# Task to complete
Pull every line containing "SIZE" from the entries.
====== Given entries ======
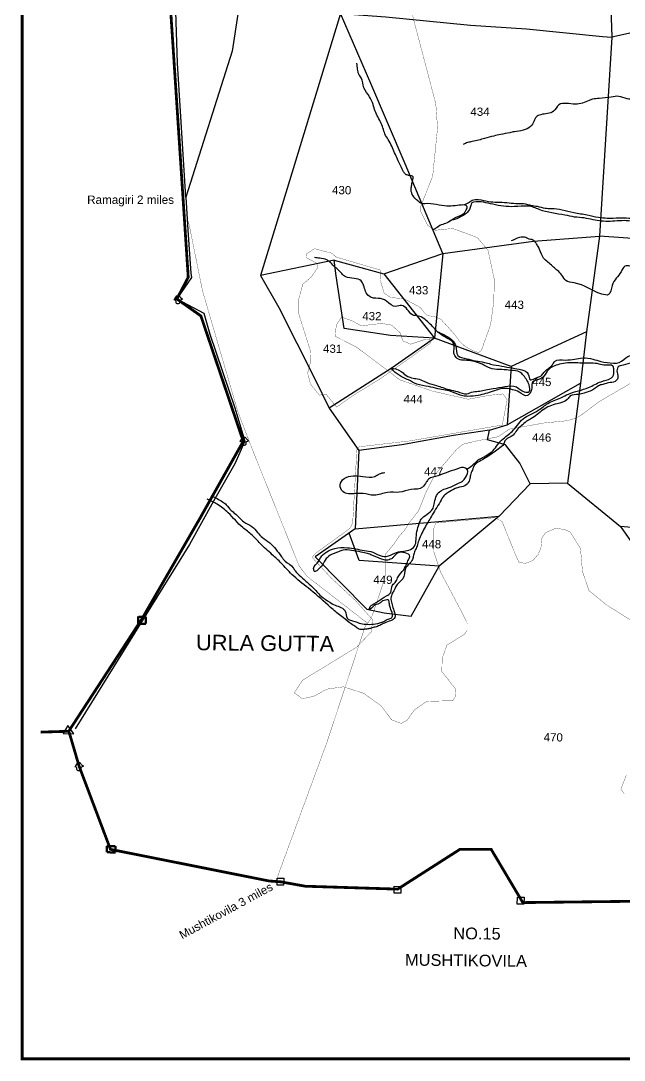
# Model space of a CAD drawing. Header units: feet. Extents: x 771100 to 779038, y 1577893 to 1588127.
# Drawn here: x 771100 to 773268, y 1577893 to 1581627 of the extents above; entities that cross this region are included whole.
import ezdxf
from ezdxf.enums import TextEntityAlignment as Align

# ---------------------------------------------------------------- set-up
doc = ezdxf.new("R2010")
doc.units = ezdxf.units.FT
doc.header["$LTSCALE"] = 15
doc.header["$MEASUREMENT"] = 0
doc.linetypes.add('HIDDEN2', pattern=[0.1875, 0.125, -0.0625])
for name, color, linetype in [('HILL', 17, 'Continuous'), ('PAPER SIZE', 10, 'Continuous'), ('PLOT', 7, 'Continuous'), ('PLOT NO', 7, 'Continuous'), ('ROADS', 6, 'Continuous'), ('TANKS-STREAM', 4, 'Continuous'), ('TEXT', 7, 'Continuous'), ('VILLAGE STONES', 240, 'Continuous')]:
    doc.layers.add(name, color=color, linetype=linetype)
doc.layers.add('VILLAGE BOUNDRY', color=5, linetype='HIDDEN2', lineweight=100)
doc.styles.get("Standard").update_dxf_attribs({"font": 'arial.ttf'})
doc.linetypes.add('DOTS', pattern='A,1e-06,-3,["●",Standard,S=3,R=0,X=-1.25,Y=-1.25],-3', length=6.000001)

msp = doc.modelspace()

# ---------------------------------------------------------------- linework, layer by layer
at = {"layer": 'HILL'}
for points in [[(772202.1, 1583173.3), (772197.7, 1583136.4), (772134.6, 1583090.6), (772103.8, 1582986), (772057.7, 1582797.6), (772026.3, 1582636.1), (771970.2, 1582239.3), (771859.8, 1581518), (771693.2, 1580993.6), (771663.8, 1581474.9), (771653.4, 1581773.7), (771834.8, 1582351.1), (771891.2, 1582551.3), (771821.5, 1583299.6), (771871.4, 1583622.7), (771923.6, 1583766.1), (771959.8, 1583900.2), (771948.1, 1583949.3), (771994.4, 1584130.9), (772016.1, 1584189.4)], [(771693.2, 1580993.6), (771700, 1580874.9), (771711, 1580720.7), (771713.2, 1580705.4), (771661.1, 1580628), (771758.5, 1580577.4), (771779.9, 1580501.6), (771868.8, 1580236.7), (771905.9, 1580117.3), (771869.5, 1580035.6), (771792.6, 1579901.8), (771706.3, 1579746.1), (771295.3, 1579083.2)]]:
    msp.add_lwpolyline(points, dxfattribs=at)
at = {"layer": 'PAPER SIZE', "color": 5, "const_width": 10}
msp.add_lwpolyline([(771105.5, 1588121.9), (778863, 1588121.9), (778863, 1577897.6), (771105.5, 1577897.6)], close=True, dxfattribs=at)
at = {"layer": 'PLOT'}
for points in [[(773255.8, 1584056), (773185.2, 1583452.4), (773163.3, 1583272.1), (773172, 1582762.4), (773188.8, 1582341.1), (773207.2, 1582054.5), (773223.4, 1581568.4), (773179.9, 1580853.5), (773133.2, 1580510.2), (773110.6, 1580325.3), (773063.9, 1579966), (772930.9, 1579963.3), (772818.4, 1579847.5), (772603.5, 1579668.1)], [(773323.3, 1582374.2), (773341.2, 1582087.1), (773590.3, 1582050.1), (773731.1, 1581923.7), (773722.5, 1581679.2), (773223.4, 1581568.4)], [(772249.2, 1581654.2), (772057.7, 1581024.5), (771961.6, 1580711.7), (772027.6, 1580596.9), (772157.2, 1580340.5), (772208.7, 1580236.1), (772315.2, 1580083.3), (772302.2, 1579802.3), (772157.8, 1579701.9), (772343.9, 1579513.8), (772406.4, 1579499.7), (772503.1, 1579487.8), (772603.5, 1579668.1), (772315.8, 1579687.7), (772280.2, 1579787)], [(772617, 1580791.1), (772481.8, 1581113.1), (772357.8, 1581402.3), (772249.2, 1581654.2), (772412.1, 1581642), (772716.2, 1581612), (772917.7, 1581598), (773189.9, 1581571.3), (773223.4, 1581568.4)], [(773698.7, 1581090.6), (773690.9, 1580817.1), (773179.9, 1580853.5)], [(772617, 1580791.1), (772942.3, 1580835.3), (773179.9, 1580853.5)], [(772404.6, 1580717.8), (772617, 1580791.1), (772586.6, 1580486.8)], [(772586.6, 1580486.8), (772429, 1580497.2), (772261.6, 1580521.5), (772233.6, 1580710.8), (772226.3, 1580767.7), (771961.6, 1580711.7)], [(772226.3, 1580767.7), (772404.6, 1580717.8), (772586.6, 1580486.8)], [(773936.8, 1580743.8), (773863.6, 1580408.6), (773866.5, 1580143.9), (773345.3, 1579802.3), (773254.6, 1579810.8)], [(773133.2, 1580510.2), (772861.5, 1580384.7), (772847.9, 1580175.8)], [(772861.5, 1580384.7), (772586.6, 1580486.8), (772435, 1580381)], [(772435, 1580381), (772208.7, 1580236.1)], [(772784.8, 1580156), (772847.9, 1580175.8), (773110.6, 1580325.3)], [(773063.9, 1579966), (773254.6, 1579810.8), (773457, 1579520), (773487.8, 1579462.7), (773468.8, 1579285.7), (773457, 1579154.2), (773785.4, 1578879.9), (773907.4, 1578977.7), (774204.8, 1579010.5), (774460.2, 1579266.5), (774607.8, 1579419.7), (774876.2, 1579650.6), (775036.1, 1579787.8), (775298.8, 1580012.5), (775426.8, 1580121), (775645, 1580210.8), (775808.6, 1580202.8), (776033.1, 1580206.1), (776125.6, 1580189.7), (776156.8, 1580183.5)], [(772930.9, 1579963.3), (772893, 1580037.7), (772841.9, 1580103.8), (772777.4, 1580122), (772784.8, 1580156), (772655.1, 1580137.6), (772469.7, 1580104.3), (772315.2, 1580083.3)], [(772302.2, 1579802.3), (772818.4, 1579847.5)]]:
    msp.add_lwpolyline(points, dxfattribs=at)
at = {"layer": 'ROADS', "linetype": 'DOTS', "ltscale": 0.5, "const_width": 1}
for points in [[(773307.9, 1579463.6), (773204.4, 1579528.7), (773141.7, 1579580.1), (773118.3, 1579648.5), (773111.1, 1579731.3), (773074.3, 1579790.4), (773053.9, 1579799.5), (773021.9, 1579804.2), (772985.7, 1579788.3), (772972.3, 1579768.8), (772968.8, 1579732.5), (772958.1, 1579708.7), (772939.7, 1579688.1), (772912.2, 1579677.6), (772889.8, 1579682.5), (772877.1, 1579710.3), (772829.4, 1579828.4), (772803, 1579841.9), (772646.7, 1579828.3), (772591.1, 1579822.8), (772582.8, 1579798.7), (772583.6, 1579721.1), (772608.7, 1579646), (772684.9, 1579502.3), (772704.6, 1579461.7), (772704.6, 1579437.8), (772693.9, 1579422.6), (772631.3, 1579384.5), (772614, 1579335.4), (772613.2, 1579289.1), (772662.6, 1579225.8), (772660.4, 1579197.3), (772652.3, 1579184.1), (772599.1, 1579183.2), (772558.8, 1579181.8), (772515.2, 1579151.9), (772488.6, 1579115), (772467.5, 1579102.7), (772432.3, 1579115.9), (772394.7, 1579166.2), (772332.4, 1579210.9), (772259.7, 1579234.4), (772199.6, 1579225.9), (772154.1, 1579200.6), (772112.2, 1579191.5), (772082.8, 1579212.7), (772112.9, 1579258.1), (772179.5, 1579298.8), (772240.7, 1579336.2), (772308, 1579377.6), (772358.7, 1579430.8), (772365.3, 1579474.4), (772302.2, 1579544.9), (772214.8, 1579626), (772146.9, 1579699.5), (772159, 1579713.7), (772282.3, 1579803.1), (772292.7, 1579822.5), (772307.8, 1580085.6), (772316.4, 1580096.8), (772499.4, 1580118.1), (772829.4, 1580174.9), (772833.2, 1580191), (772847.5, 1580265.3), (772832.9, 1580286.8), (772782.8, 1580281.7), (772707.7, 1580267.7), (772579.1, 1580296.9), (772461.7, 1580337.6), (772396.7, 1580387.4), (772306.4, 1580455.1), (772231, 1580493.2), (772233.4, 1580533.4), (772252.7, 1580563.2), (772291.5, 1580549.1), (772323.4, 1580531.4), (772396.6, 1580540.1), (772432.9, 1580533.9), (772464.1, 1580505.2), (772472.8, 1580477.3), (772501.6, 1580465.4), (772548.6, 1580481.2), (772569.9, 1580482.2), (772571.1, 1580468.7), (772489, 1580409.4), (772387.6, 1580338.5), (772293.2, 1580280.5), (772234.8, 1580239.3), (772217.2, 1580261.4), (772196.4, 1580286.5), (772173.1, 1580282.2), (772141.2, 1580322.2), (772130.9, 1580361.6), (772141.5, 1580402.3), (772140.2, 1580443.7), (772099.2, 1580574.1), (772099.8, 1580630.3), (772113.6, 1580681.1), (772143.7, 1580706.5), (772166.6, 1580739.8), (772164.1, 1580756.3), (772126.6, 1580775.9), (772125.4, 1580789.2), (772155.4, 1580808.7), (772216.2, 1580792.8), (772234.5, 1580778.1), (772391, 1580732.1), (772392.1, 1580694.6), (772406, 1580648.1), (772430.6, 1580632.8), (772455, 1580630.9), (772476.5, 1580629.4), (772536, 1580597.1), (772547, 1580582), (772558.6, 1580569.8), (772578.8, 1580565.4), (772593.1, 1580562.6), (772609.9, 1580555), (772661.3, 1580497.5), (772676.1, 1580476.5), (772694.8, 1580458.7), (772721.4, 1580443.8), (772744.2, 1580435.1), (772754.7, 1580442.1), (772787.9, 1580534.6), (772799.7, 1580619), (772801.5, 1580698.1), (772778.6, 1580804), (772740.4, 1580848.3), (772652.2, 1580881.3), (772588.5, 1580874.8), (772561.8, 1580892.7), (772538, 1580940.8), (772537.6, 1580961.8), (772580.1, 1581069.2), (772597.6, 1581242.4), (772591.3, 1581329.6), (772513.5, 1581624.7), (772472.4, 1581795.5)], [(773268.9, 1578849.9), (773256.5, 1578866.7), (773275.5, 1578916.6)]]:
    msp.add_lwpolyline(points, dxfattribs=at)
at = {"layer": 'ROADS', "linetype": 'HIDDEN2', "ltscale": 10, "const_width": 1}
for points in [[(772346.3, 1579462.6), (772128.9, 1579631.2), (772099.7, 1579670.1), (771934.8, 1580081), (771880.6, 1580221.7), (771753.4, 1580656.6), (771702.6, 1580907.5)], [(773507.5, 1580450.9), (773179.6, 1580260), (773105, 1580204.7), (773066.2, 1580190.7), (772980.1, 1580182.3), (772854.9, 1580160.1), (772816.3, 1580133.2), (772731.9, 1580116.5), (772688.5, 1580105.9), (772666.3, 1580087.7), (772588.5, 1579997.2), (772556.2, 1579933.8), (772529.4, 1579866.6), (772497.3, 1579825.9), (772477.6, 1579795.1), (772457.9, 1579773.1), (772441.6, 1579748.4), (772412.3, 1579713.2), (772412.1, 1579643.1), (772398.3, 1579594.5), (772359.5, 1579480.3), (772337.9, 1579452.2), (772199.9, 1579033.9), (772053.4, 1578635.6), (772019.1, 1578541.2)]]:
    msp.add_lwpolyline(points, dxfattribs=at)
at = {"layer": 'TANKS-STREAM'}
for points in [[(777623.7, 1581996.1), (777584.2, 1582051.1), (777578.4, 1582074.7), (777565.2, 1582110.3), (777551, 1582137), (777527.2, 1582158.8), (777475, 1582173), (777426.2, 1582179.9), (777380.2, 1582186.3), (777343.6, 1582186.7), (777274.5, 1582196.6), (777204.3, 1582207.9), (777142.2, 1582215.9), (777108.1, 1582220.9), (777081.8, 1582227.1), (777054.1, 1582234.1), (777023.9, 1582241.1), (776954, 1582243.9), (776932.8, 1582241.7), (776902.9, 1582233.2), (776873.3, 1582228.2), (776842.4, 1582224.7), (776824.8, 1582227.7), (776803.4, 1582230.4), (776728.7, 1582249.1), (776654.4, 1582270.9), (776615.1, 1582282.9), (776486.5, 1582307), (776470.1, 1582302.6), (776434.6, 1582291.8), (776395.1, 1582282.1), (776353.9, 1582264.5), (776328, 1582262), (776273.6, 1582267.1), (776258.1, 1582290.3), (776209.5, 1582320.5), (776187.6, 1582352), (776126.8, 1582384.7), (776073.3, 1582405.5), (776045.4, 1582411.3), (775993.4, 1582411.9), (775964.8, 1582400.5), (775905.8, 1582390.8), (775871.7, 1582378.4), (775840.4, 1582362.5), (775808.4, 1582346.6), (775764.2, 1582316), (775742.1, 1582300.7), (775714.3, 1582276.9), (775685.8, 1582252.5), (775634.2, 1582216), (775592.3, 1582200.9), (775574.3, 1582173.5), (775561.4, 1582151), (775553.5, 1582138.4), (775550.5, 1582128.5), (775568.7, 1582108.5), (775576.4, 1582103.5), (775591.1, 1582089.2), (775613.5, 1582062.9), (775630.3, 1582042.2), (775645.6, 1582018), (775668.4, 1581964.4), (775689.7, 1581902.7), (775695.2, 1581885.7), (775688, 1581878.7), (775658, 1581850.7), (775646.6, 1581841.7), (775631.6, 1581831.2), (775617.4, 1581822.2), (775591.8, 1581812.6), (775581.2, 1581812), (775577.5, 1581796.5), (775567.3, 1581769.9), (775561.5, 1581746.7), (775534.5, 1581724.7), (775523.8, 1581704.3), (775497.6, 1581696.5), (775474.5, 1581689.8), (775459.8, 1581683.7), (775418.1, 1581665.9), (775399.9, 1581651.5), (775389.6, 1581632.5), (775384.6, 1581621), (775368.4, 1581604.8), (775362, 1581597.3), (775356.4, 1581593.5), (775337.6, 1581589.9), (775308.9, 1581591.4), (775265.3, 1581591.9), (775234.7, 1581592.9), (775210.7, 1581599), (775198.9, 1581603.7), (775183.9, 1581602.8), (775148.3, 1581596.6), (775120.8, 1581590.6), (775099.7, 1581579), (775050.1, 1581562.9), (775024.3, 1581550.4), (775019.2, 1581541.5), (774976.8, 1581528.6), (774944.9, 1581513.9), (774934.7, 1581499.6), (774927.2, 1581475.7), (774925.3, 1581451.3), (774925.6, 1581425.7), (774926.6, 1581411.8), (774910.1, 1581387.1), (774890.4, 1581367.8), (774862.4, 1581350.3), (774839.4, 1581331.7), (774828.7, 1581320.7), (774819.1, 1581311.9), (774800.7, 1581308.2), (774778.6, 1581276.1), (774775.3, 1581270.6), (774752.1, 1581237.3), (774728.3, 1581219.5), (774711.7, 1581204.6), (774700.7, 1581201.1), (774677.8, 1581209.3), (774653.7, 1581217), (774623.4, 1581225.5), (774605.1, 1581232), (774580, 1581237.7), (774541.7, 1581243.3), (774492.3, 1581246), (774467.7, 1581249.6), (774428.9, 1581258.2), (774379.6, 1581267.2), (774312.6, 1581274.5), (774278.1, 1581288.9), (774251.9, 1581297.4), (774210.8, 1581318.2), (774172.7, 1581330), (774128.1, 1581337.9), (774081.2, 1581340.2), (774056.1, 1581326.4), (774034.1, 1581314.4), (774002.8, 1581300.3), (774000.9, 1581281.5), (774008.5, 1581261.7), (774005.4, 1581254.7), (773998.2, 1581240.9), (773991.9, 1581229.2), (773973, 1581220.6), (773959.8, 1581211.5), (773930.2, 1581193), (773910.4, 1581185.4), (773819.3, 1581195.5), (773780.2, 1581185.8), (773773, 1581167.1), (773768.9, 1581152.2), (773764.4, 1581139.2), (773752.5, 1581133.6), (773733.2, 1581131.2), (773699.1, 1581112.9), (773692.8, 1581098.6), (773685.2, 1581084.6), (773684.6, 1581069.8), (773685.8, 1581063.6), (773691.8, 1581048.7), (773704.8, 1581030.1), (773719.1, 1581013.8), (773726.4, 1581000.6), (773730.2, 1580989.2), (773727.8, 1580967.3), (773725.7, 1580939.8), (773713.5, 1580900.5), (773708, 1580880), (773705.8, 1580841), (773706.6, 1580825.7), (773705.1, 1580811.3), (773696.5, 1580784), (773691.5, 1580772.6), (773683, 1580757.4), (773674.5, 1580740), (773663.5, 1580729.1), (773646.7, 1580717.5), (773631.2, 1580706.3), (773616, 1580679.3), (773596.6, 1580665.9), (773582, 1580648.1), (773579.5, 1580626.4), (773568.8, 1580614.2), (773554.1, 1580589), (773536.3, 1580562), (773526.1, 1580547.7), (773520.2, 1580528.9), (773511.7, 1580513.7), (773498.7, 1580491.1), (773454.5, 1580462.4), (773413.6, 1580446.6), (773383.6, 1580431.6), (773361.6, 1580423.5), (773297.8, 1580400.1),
======
# Written solution
for name, color, linetype in [('HILL', 17, 'Continuous'), ('PAPER SIZE', 10, 'Continuous'), ('PLOT', 7, 'Continuous'), ('PLOT NO', 7, 'Continuous'), ('ROADS', 6, 'Continuous'), ('TANKS-STREAM', 4, 'Continuous'), ('TEXT', 7, 'Continuous'), ('VILLAGE STONES', 240, 'Continuous')]:
at = {"layer": 'PAPER SIZE', "color": 5, "const_width": 10}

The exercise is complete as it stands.